An Impending Lawsuit or Just Bad Luck? Getting Struck by a Golf Ball Leads to Unanswered Questions

Aug 23, 2024

By Natalie Bird, Ph.D.

Being struck by a golf ball is not uncommon in the game of golf, even if not on the golf course. It is also not unusual for a vehicle near a golf facility to be damaged by a player’s wayward shot. However, it is both uncommon and unusual to be injured by a golf ball flying through a vehicle window while driving next to a golf course. This rare scenario describes the experience of Evelyn Mohr, a Vancouver woman injured after being struck by a golf ball that flew through her car window as she drove by Victoria Golf Club in Oak Bay, B.C. in June of 2023. Mohr has experienced serious eye and face injuries, psychological trauma, and financial stress resulting from the incident. Media outlets have reported she is suing the District of Oak Bay and Victoria Golf Club claiming negligent design, failure to warn, and failure to take reasonable care in preventing injuries. She is also suing golfer Kane Watt, claiming negligent and reckless behavior.

This case hinges on a variety of details that are not publicly available currently. Golf ball-related lawsuits typically focus on proving negligence, and this situation is no exception. However, answers to three questions will greatly impact the outcome of this case:

  1. Did the course do their job?
  2. Was Watt acting recklessly?
  3. How familiar is Mohr with the area of the incident?

Question 1: Did the course do their job?

Despite Mohr’s claim Victoria Golf Club failed to take reasonable care to protect from errant golf balls, the course has implemented measures to lessen threats of injury and property damage. According to their website, the course has had three different redesigns over the years. The last renovation took place in the mid-1920’s “to end the practice of hitting tee shots on two holes across the ever-busier Beach Drive” (Victoria Golf Club, 2024, para. 3). The course has signage that reads “caution errant golf balls” and “park at your own risk” posted along the sidewalk near the course (Hainsworth, 2024, para. 15). The significance of the redesigns focused on Beach Drive and the signage locations are unclear. The course’s effort to eliminate risks is shown through these actions, but their application to this scenario may prove irrelevant.

Question 2: Was Watt acting recklessly?

Hitting a shot offline in and of itself is not considered negligent nor reckless. In many errant golf ball-related lawsuits liability is determined by a golfer’s “zone of risk” which essentially means the foreseeable area around a player’s intended path and their general trend in golf shots. Each player’s zone of risk is unique, and a player’s experience and skill level are the most accurate predictors determining a zone of risk. Generally, a highly-skilled experienced golfer will have a significantly smaller margin of error—and smaller zone of risk—compared to a less-skilled inexperienced player. Watt’s skill level, experience, and knowledge of the golf course are unclear. Some news outlets have reported Watt was a member of the golf course at the time of the incident. However, membership does not equal liability, nor does it forecast experience or skill level. The relative proximity and visibility between Mohr and Watt and whether Watt yelled “fore” are also very important details missing. Other factors such as alcohol consumption, Watt’s demeanor, and an intent to act recklessly are also unknown.

Question 3: How familiar is Mohr with the area of the incident?

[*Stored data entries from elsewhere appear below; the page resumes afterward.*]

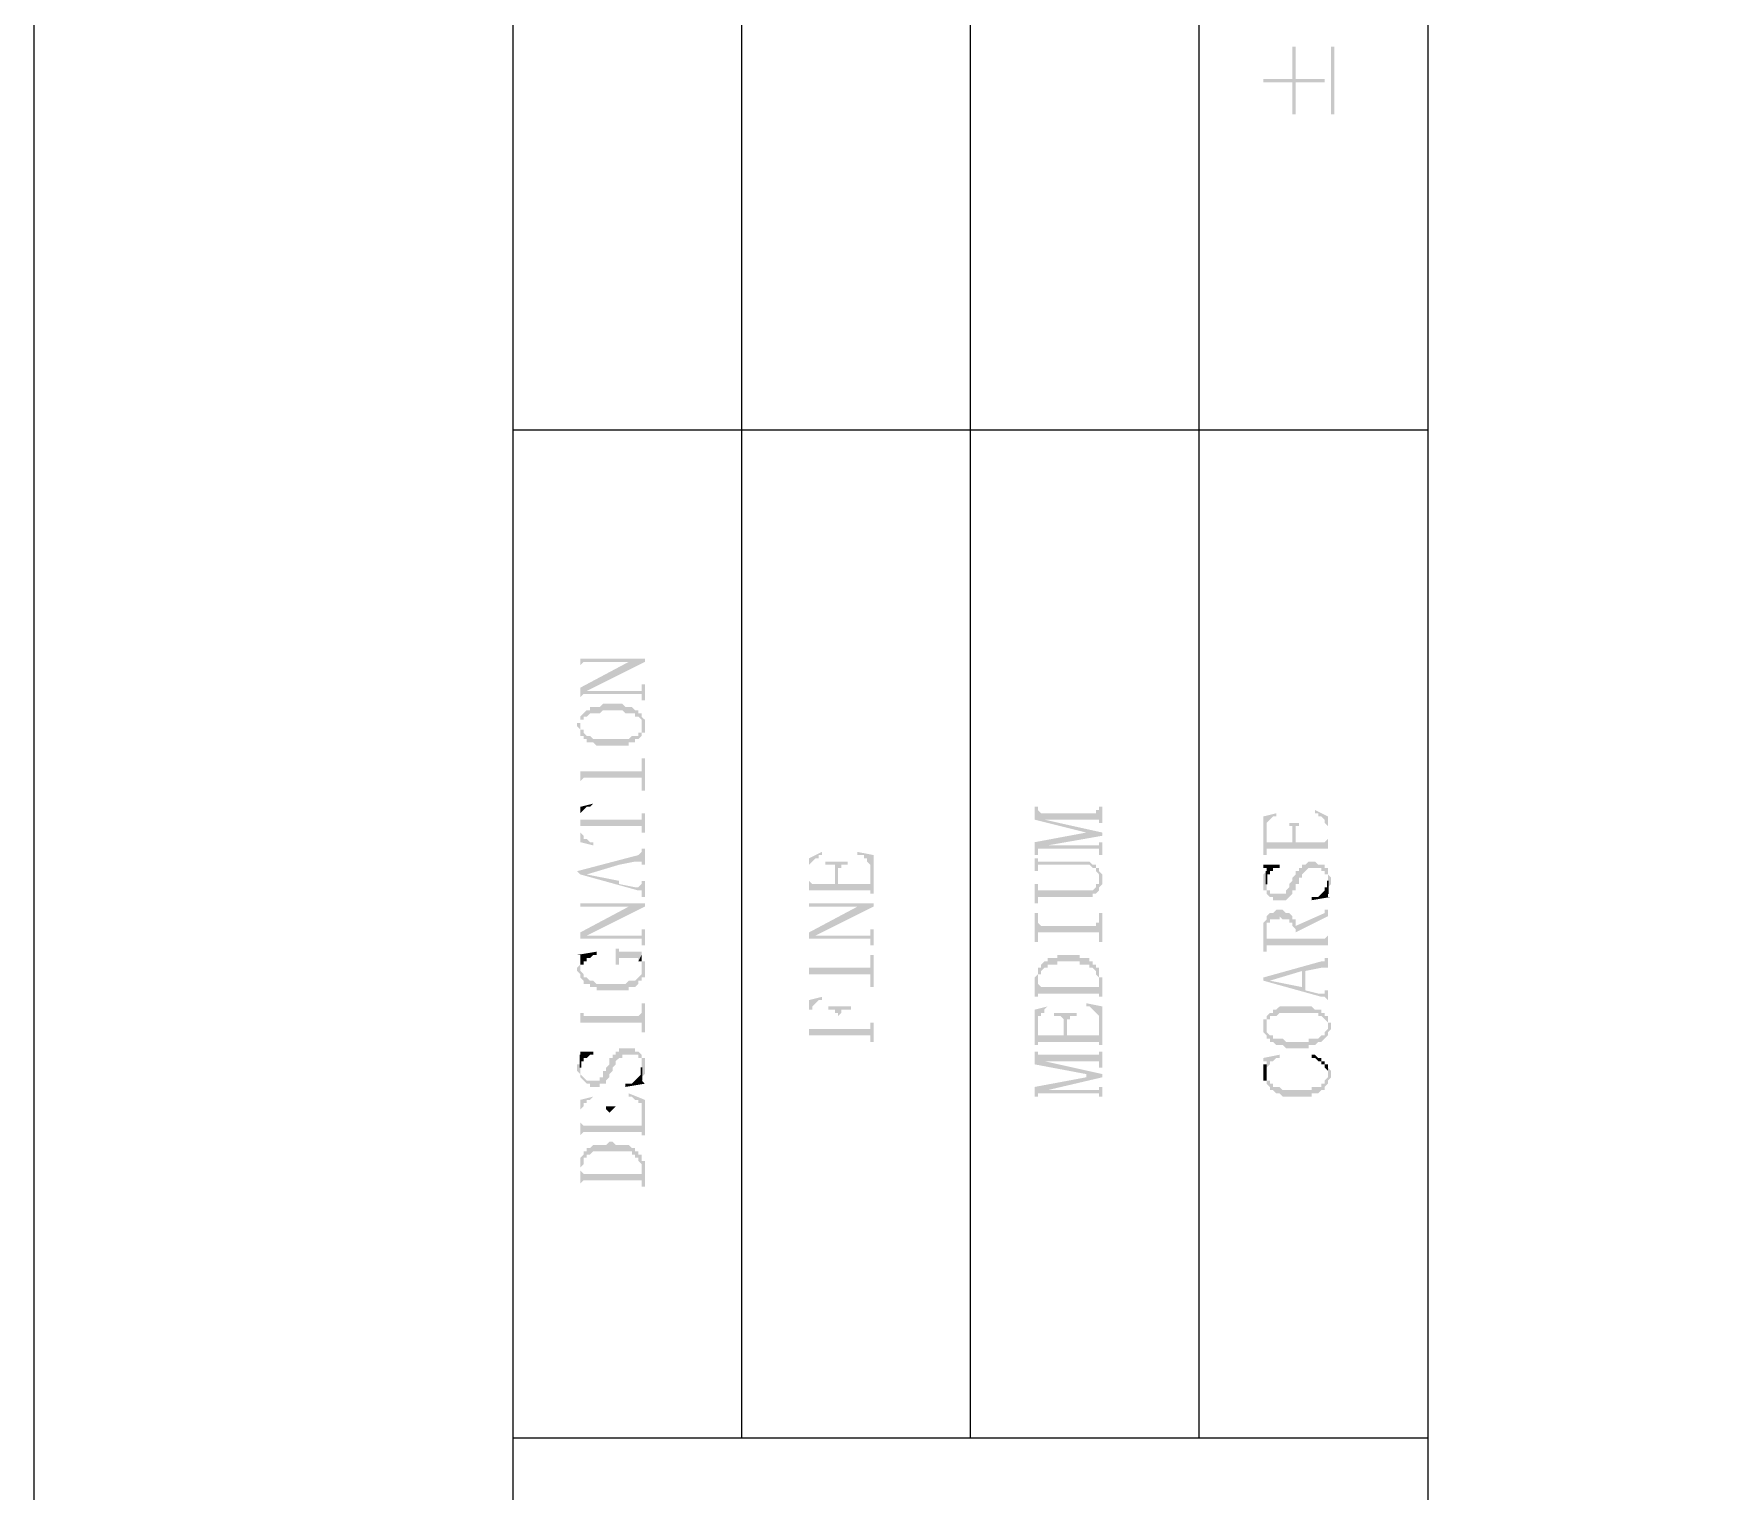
# Model space of a CAD drawing. Header units: inches. Extents: x 3613 to 8393, y -2205 to -794.
# Drawn here: x 4076.93 to 4100.69, y -1988.43 to -1968.01 of the extents above; entities that cross this region are included whole.
import ezdxf

# ---------------------------------------------------------------- set-up
doc = ezdxf.new("R2010")
doc.units = ezdxf.units.IN
doc.header["$MEASUREMENT"] = 0

msp = doc.modelspace()

# ---------------------------------------------------------------- hatches: boundary and pattern name
at = {"transparency": 33554559}
for points in [[(4094.149, -1968.641), (4094.149, -1968.686), (4094.555, -1968.686), (4094.555, -1969.137), (4094.6, -1969.137), (4094.6, -1968.686), (4095.006, -1968.686), (4095.006, -1968.641), (4094.6, -1968.641), (4094.6, -1968.19), (4094.555, -1968.19), (4094.555, -1968.641)], [(4095.142, -1969.137), (4095.142, -1968.19), (4095.097, -1968.19), (4095.097, -1969.137)], [(4084.581, -1976.674), (4084.581, -1976.9), (4084.581, -1976.855), (4084.581, -1976.855), (4084.626, -1976.81), (4085.484, -1976.81), (4085.484, -1976.765), (4084.581, -1976.765)], [(4084.581, -1977.171), (4084.581, -1977.351), (4084.581, -1977.306), (4084.581, -1977.306), (4084.626, -1977.261), (4084.626, -1977.261), (4084.671, -1977.216), (4085.484, -1976.81), (4085.258, -1976.81)], [(4084.626, -1977.261), (4085.438, -1977.261), (4085.438, -1977.306), (4085.438, -1977.351), (4085.484, -1977.351), (4085.484, -1977.126), (4085.438, -1977.126), (4085.438, -1977.216), (4084.671, -1977.216)], [(4084.581, -1977.577), (4084.581, -1977.712), (4084.581, -1977.667), (4084.581, -1977.622), (4084.626, -1977.622), (4084.626, -1977.577), (4084.671, -1977.577), (4084.716, -1977.532), (4084.852, -1977.532), (4084.897, -1977.487), (4085.168, -1977.487), (4085.213, -1977.532), (4085.348, -1977.532), (4085.348, -1977.577), (4085.393, -1977.577), (4085.438, -1977.622), (4085.438, -1977.667), (4085.438, -1977.712), (4085.438, -1977.577), (4085.438, -1977.532), (4085.393, -1977.532), (4085.393, -1977.487), (4085.348, -1977.487), (4085.303, -1977.442), (4085.213, -1977.442), (4085.168, -1977.397), (4084.897, -1977.397), (4084.852, -1977.442), (4084.716, -1977.442), (4084.716, -1977.487), (4084.671, -1977.487), (4084.626, -1977.532), (4084.626, -1977.532)], [(4084.536, -1977.712), (4084.536, -1977.712), (4084.581, -1977.758), (4084.581, -1977.803), (4084.581, -1977.848), (4084.626, -1977.848), (4084.626, -1977.893), (4084.671, -1977.893), (4084.671, -1977.938), (4084.761, -1977.938), (4084.807, -1977.983), (4085.258, -1977.983), (4085.258, -1977.938), (4085.348, -1977.938), (4085.348, -1977.893), (4085.393, -1977.893), (4085.438, -1977.848), (4085.438, -1977.803), (4085.484, -1977.803), (4085.484, -1977.758), (4085.484, -1977.712), (4085.484, -1977.667), (4085.484, -1977.622), (4085.484, -1977.622), (4085.438, -1977.577), (4085.438, -1977.712), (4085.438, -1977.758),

In McGuire v. New Orleans City Park Improvement Association (2003)a man jogging next to the course was hit in the groin by an errant golf ball. He claimed the course was responsible because they did not adequately warn patrons of the risk. Ultimately, the court ruled the course was not responsible. One of the deciding factors was that McGuire was from the area and familiar with the threat of golf balls in the area. Despite being noted as a Vancouver resident, Mohr’s history with the area is not described in the media.

Answers to these questions may decide Mohr’s next step in seeking the justice she believes she is owed, or conversely provide evidence the District of Oak Bay, Victoria Golf Club, and Kane Watt are not liable. It will be interesting to see this story unfold if more information is released. This could be a simple “wrong place at the wrong time” situation with no further legal action or a lawsuit that serves as precedent for years to come.

References

Hainsworth, J. (2024, March 6). Woman sues Victoria Golf Club, saying ball flew through car window and hit her face. Times Colonist. https://www.timescolonist.com/local-news/woman-sues-victoria-golf-club-saying-ball-flew-through-car-window-and-hit-her-face-8399661?utm_source=dlvr.it&utm_medium=twitter

McGuire v. New Orleans City P. Imp. A., 835 So. 2d 416 (La. 2003)

Victoria Golf Club (2024) The clubhouse. https://www.victoriagolf.com/web/pages/the-clubhouse

Natalie Bird, Ph.D. is an Assistant Professor at Pittsburg State University in Pittsburg, Kansas. She teaches law and hospitality courses in the Health, Human Performance and Recreation Department and possesses over fifteen years of golf industry experience. Her research area is risk management and legal issues pertaining to the golf industry.